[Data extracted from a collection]
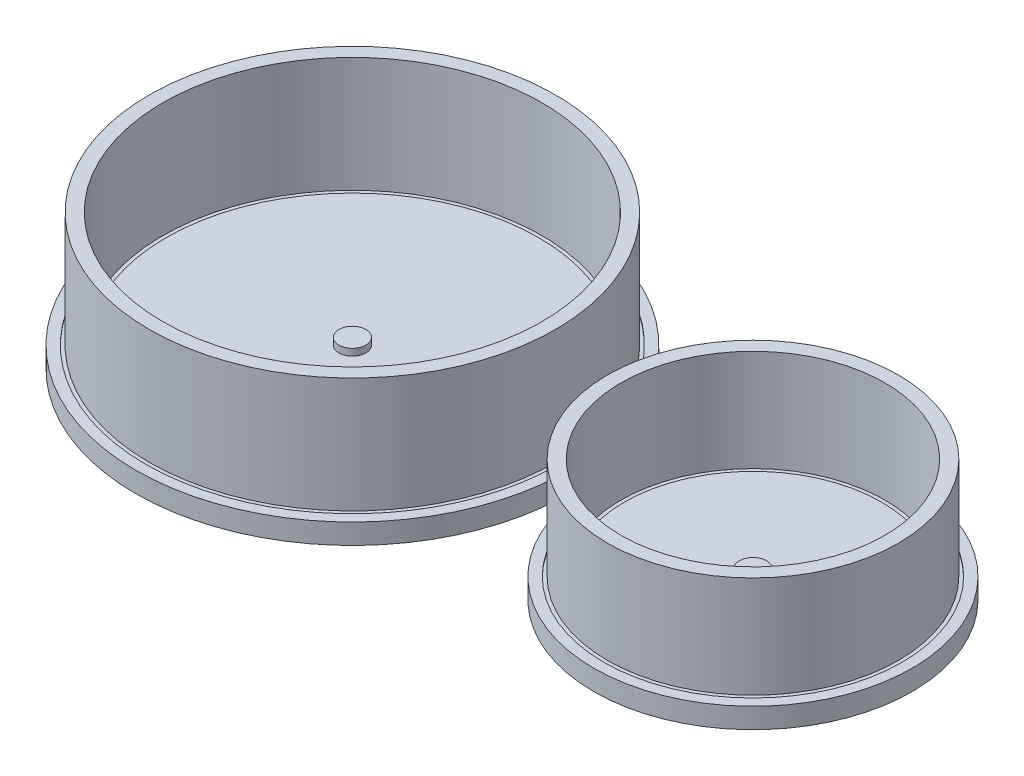
ISO-10303-21;
HEADER;
FILE_DESCRIPTION(('STEP AP214'),'2;1');
FILE_NAME('part.step','',(''),(''),'','','');
FILE_SCHEMA(('AUTOMOTIVE_DESIGN { 1 0 10303 214 1 1 1 1 }'));
ENDSEC;
DATA;
#1=APPLICATION_CONTEXT('core data for automotive mechanical design processes');
#2=APPLICATION_PROTOCOL_DEFINITION('international standard','automotive_design',2000,#1);
#3=PRODUCT_CONTEXT('',#1,'mechanical');
#4=PRODUCT('Part','Part','',(#3));
#5=PRODUCT_RELATED_PRODUCT_CATEGORY('part','',(#4));
#6=PRODUCT_DEFINITION_FORMATION('','',#4);
#7=PRODUCT_DEFINITION_CONTEXT('part definition',#1,'design');
#8=PRODUCT_DEFINITION('design','',#6,#7);
#9=PRODUCT_DEFINITION_SHAPE('','',#8);
#10=(LENGTH_UNIT() NAMED_UNIT(*) SI_UNIT(.MILLI.,.METRE.));
#11=(NAMED_UNIT(*) PLANE_ANGLE_UNIT() SI_UNIT($,.RADIAN.));
#12=(NAMED_UNIT(*) SI_UNIT($,.STERADIAN.) SOLID_ANGLE_UNIT());
#13=UNCERTAINTY_MEASURE_WITH_UNIT(LENGTH_MEASURE(1.E-05),#10,'distance_accuracy_value','');
#14=(GEOMETRIC_REPRESENTATION_CONTEXT(3) GLOBAL_UNCERTAINTY_ASSIGNED_CONTEXT((#13)) GLOBAL_UNIT_ASSIGNED_CONTEXT((#10,
#11,#12)) REPRESENTATION_CONTEXT('',''));
#15=CARTESIAN_POINT('',(0.,0.,0.));
#16=DIRECTION('',(0.,0.,1.));
#17=DIRECTION('',(1.,0.,0.));
#18=AXIS2_PLACEMENT_3D('',#15,#16,#17);
#19=CARTESIAN_POINT('',(59.14982176278,4.,0.));
#20=DIRECTION('',(0.,-1.,0.));
#21=DIRECTION('',(0.,0.,-1.));
#22=AXIS2_PLACEMENT_3D('',#19,#20,#21);
#23=CYLINDRICAL_SURFACE('',#22,2.);
#24=CARTESIAN_POINT('',(59.14982176278,4.,0.));
#25=DIRECTION('',(0.,1.,0.));
#26=DIRECTION('',(0.,0.,1.));
#27=AXIS2_PLACEMENT_3D('',#24,#25,#26);
#28=CIRCLE('',#27,2.);
#29=CARTESIAN_POINT('',(59.14982176278,4.,2.));
#30=VERTEX_POINT('',#29);
#31=EDGE_CURVE('E11',#30,#30,#28,.T.);
#32=ORIENTED_EDGE('',*,*,#31,.F.);
#33=EDGE_LOOP('',(#32));
#34=FACE_BOUND('',#33,.T.);
#35=CARTESIAN_POINT('',(59.14982176278,3.,0.));
#36=DIRECTION('',(0.,1.,0.));
#37=DIRECTION('',(0.,0.,1.));
#38=AXIS2_PLACEMENT_3D('',#35,#36,#37);
#39=CIRCLE('',#38,2.);
#40=CARTESIAN_POINT('',(59.14982176278,3.,2.));
#41=VERTEX_POINT('',#40);
#42=EDGE_CURVE('E42',#41,#41,#39,.T.);
#43=ORIENTED_EDGE('',*,*,#42,.T.);
#44=EDGE_LOOP('',(#43));
#45=FACE_BOUND('',#44,.T.);
#46=ADVANCED_FACE('F39',(#34,#45),#23,.T.);
#47=CARTESIAN_POINT('',(59.14982176278,4.,0.));
#48=DIRECTION('',(0.,1.,0.));
#49=DIRECTION('',(0.,0.,1.));
#50=AXIS2_PLACEMENT_3D('',#47,#48,#49);
#51=PLANE('',#50);
#52=ORIENTED_EDGE('',*,*,#31,.T.);
#53=EDGE_LOOP('',(#52));
#54=FACE_BOUND('',#53,.T.);
#55=ADVANCED_FACE('F54',(#54),#51,.T.);
#56=CARTESIAN_POINT('',(59.14982176278,3.,0.));
#57=DIRECTION('',(0.,1.,0.));
#58=DIRECTION('',(0.,0.,1.));
#59=AXIS2_PLACEMENT_3D('',#56,#57,#58);
#60=PLANE('',#59);
#61=ORIENTED_EDGE('',*,*,#42,.F.);
#62=EDGE_LOOP('',(#61));
#63=FACE_BOUND('',#62,.T.);
#64=ADVANCED_FACE('F52',(#63),#60,.F.);
#65=CLOSED_SHELL('',(#46,#55,#64));
#66=MANIFOLD_SOLID_BREP('B2',#65);
#67=CARTESIAN_POINT('',(59.14982176278,20.,0.));
#68=DIRECTION('',(0.,-1.,0.));
#69=DIRECTION('',(0.,0.,-1.));
#70=AXIS2_PLACEMENT_3D('',#67,#68,#69);
#71=CYLINDRICAL_SURFACE('',#70,21.5);
#72=CARTESIAN_POINT('',(59.14982176278,3.,0.));
#73=DIRECTION('',(0.,1.,0.));
#74=DIRECTION('',(0.,0.,1.));
#75=AXIS2_PLACEMENT_3D('',#72,#73,#74);
#76=CIRCLE('',#75,21.5);
#77=CARTESIAN_POINT('',(59.14982176278,3.,21.5));
#78=VERTEX_POINT('',#77);
#79=EDGE_CURVE('E38',#78,#78,#76,.T.);
#80=ORIENTED_EDGE('',*,*,#79,.T.);
#81=EDGE_LOOP('',(#80));
#82=FACE_BOUND('',#81,.T.);
#83=CARTESIAN_POINT('',(59.14982176278,18.,0.));
#84=DIRECTION('',(0.,1.,0.));
#85=DIRECTION('',(0.,0.,1.));
#86=AXIS2_PLACEMENT_3D('',#83,#84,#85);
#87=CIRCLE('',#86,21.5);
#88=CARTESIAN_POINT('',(59.14982176278,18.,21.5));
#89=VERTEX_POINT('',#88);
#90=EDGE_CURVE('E98',#89,#89,#87,.T.);
#91=ORIENTED_EDGE('',*,*,#90,.F.);
#92=EDGE_LOOP('',(#91));
#93=FACE_BOUND('',#92,.T.);
#94=ADVANCED_FACE('F87',(#82,#93),#71,.T.);
#95=CARTESIAN_POINT('',(59.14982176278,20.,0.));
#96=DIRECTION('',(0.,-1.,0.));
#97=DIRECTION('',(0.,0.,-1.));
#98=AXIS2_PLACEMENT_3D('',#95,#96,#97);
#99=CYLINDRICAL_SURFACE('',#98,19.5);
#100=CARTESIAN_POINT('',(59.14982176278,3.,0.));
#101=DIRECTION('',(0.,1.,0.));
#102=DIRECTION('',(0.,0.,1.));
#103=AXIS2_PLACEMENT_3D('',#100,#101,#102);
#104=CIRCLE('',#103,19.5);
#105=CARTESIAN_POINT('',(59.14982176278,3.,19.5));
#106=VERTEX_POINT('',#105);
#107=EDGE_CURVE('E94',#106,#106,#104,.T.);
#108=ORIENTED_EDGE('',*,*,#107,.F.);
#109=EDGE_LOOP('',(#108));
#110=FACE_BOUND('',#109,.T.);
#111=CARTESIAN_POINT('',(59.14982176278,18.,0.));
#112=DIRECTION('',(0.,1.,0.));
#113=DIRECTION('',(0.,0.,1.));
#114=AXIS2_PLACEMENT_3D('',#111,#112,#113);
#115=CIRCLE('',#114,19.5);
#116=CARTESIAN_POINT('',(59.14982176278,18.,19.5));
#117=VERTEX_POINT('',#116);
#118=EDGE_CURVE('E90',#117,#117,#115,.T.);
#119=ORIENTED_EDGE('',*,*,#118,.T.);
#120=EDGE_LOOP('',(#119));
#121=FACE_BOUND('',#120,.T.);
#122=ADVANCED_FACE('F107',(#110,#121),#99,.F.);
#123=CARTESIAN_POINT('',(59.14982176278,3.,0.));
#124=DIRECTION('',(0.,1.,0.));
#125=DIRECTION('',(0.,0.,1.));
#126=AXIS2_PLACEMENT_3D('',#123,#124,#125);
#127=PLANE('',#126);
#128=ORIENTED_EDGE('',*,*,#79,.F.);
#129=EDGE_LOOP('',(#128));
#130=FACE_BOUND('',#129,.T.);
#131=ORIENTED_EDGE('',*,*,#107,.T.);
#132=EDGE_LOOP('',(#131));
#133=FACE_BOUND('',#132,.T.);
#134=ADVANCED_FACE('F111',(#130,#133),#127,.F.);
#135=CARTESIAN_POINT('',(59.14982176278,18.,0.));
#136=DIRECTION('',(0.,1.,0.));
#137=DIRECTION('',(0.,0.,1.));
#138=AXIS2_PLACEMENT_3D('',#135,#136,#137);
#139=PLANE('',#138);
#140=ORIENTED_EDGE('',*,*,#118,.F.);
#141=EDGE_LOOP('',(#140));
#142=FACE_BOUND('',#141,.T.);
#143=ORIENTED_EDGE('',*,*,#90,.T.);
#144=EDGE_LOOP('',(#143));
#145=FACE_BOUND('',#144,.T.);
#146=ADVANCED_FACE('F109',(#142,#145),#139,.T.);
#147=CLOSED_SHELL('',(#94,#122,#134,#146));
#148=MANIFOLD_SOLID_BREP('B6',#147);
#149=CARTESIAN_POINT('',(0.,20.,0.));
#150=DIRECTION('',(0.,1.,0.));
#151=DIRECTION('',(0.,0.,1.));
#152=AXIS2_PLACEMENT_3D('',#149,#150,#151);
#153=PLANE('',#152);
#154=CARTESIAN_POINT('',(0.,20.,0.));
#155=DIRECTION('',(0.,1.,0.));
#156=DIRECTION('',(0.,0.,1.));
#157=AXIS2_PLACEMENT_3D('',#154,#155,#156);
#158=CIRCLE('',#157,30.);
#159=CARTESIAN_POINT('',(0.,20.,30.));
#160=VERTEX_POINT('',#159);
#161=EDGE_CURVE('E86',#160,#160,#158,.T.);
#162=ORIENTED_EDGE('',*,*,#161,.T.);
#163=EDGE_LOOP('',(#162));
#164=FACE_BOUND('',#163,.T.);
#165=CARTESIAN_POINT('',(0.,20.,0.));
#166=DIRECTION('',(0.,1.,0.));
#167=DIRECTION('',(0.,0.,1.));
#168=AXIS2_PLACEMENT_3D('',#165,#166,#167);
#169=CIRCLE('',#168,28.);
#170=CARTESIAN_POINT('',(0.,20.,28.));
#171=VERTEX_POINT('',#170);
#172=EDGE_CURVE('E167',#171,#171,#169,.T.);
#173=ORIENTED_EDGE('',*,*,#172,.F.);
#174=EDGE_LOOP('',(#173));
#175=FACE_BOUND('',#174,.T.);
#176=ADVANCED_FACE('F156',(#164,#175),#153,.T.);
#177=CARTESIAN_POINT('',(0.,3.,0.));
#178=DIRECTION('',(0.,1.,0.));
#179=DIRECTION('',(0.,0.,1.));
#180=AXIS2_PLACEMENT_3D('',#177,#178,#179);
#181=PLANE('',#180);
#182=CARTESIAN_POINT('',(0.,3.,0.));
#183=DIRECTION('',(0.,1.,0.));
#184=DIRECTION('',(0.,0.,1.));
#185=AXIS2_PLACEMENT_3D('',#182,#183,#184);
#186=CIRCLE('',#185,30.);
#187=CARTESIAN_POINT('',(0.,3.,30.));
#188=VERTEX_POINT('',#187);
#189=EDGE_CURVE('E160',#188,#188,#186,.T.);
#190=ORIENTED_EDGE('',*,*,#189,.F.);
#191=EDGE_LOOP('',(#190));
#192=FACE_BOUND('',#191,.T.);
#193=CARTESIAN_POINT('',(0.,3.,0.));
#194=DIRECTION('',(0.,1.,0.));
#195=DIRECTION('',(0.,0.,1.));
#196=AXIS2_PLACEMENT_3D('',#193,#194,#195);
#197=CIRCLE('',#196,28.);
#198=CARTESIAN_POINT('',(0.,3.,28.));
#199=VERTEX_POINT('',#198);
#200=EDGE_CURVE('E169',#199,#199,#197,.T.);
#201=ORIENTED_EDGE('',*,*,#200,.T.);
#202=EDGE_LOOP('',(#201));
#203=FACE_BOUND('',#202,.T.);
#204=ADVANCED_FACE('F179',(#192,#203),#181,.F.);
#205=CARTESIAN_POINT('',(0.,20.,0.));
#206=DIRECTION('',(0.,-1.,0.));
#207=DIRECTION('',(0.,0.,-1.));
#208=AXIS2_PLACEMENT_3D('',#205,#206,#207);
#209=CYLINDRICAL_SURFACE('',#208,30.);
#210=ORIENTED_EDGE('',*,*,#161,.F.);
#211=EDGE_LOOP('',(#210));
#212=FACE_BOUND('',#211,.T.);
#213=ORIENTED_EDGE('',*,*,#189,.T.);
#214=EDGE_LOOP('',(#213));
#215=FACE_BOUND('',#214,.T.);
#216=ADVANCED_FACE('F158',(#212,#215),#209,.T.);
#217=CARTESIAN_POINT('',(0.,20.,0.));
#218=DIRECTION('',(0.,-1.,0.));
#219=DIRECTION('',(0.,0.,-1.));
#220=AXIS2_PLACEMENT_3D('',#217,#218,#219);
#221=CYLINDRICAL_SURFACE('',#220,28.);
#222=ORIENTED_EDGE('',*,*,#172,.T.);
#223=EDGE_LOOP('',(#222));
#224=FACE_BOUND('',#223,.T.);
#225=ORIENTED_EDGE('',*,*,#200,.F.);
#226=EDGE_LOOP('',(#225));
#227=FACE_BOUND('',#226,.T.);
#228=ADVANCED_FACE('F175',(#224,#227),#221,.F.);
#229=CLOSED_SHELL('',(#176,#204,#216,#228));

* YOUR GOAL *
Using the records above, set down exactly the lines from the one with "0 10303 214" through the one with "#9=PRODUCT_DEFINITION_SHAPE('','',#8);", inclusive, and nothing more.

* REPLY TO THE TASK *
FILE_SCHEMA(('AUTOMOTIVE_DESIGN { 1 0 10303 214 1 1 1 1 }'));
ENDSEC;
DATA;
#1=APPLICATION_CONTEXT('core data for automotive mechanical design processes');
#2=APPLICATION_PROTOCOL_DEFINITION('international standard','automotive_design',2000,#1);
#3=PRODUCT_CONTEXT('',#1,'mechanical');
#4=PRODUCT('Part','Part','',(#3));
#5=PRODUCT_RELATED_PRODUCT_CATEGORY('part','',(#4));
#6=PRODUCT_DEFINITION_FORMATION('','',#4);
#7=PRODUCT_DEFINITION_CONTEXT('part definition',#1,'design');
#8=PRODUCT_DEFINITION('design','',#6,#7);
#9=PRODUCT_DEFINITION_SHAPE('','',#8);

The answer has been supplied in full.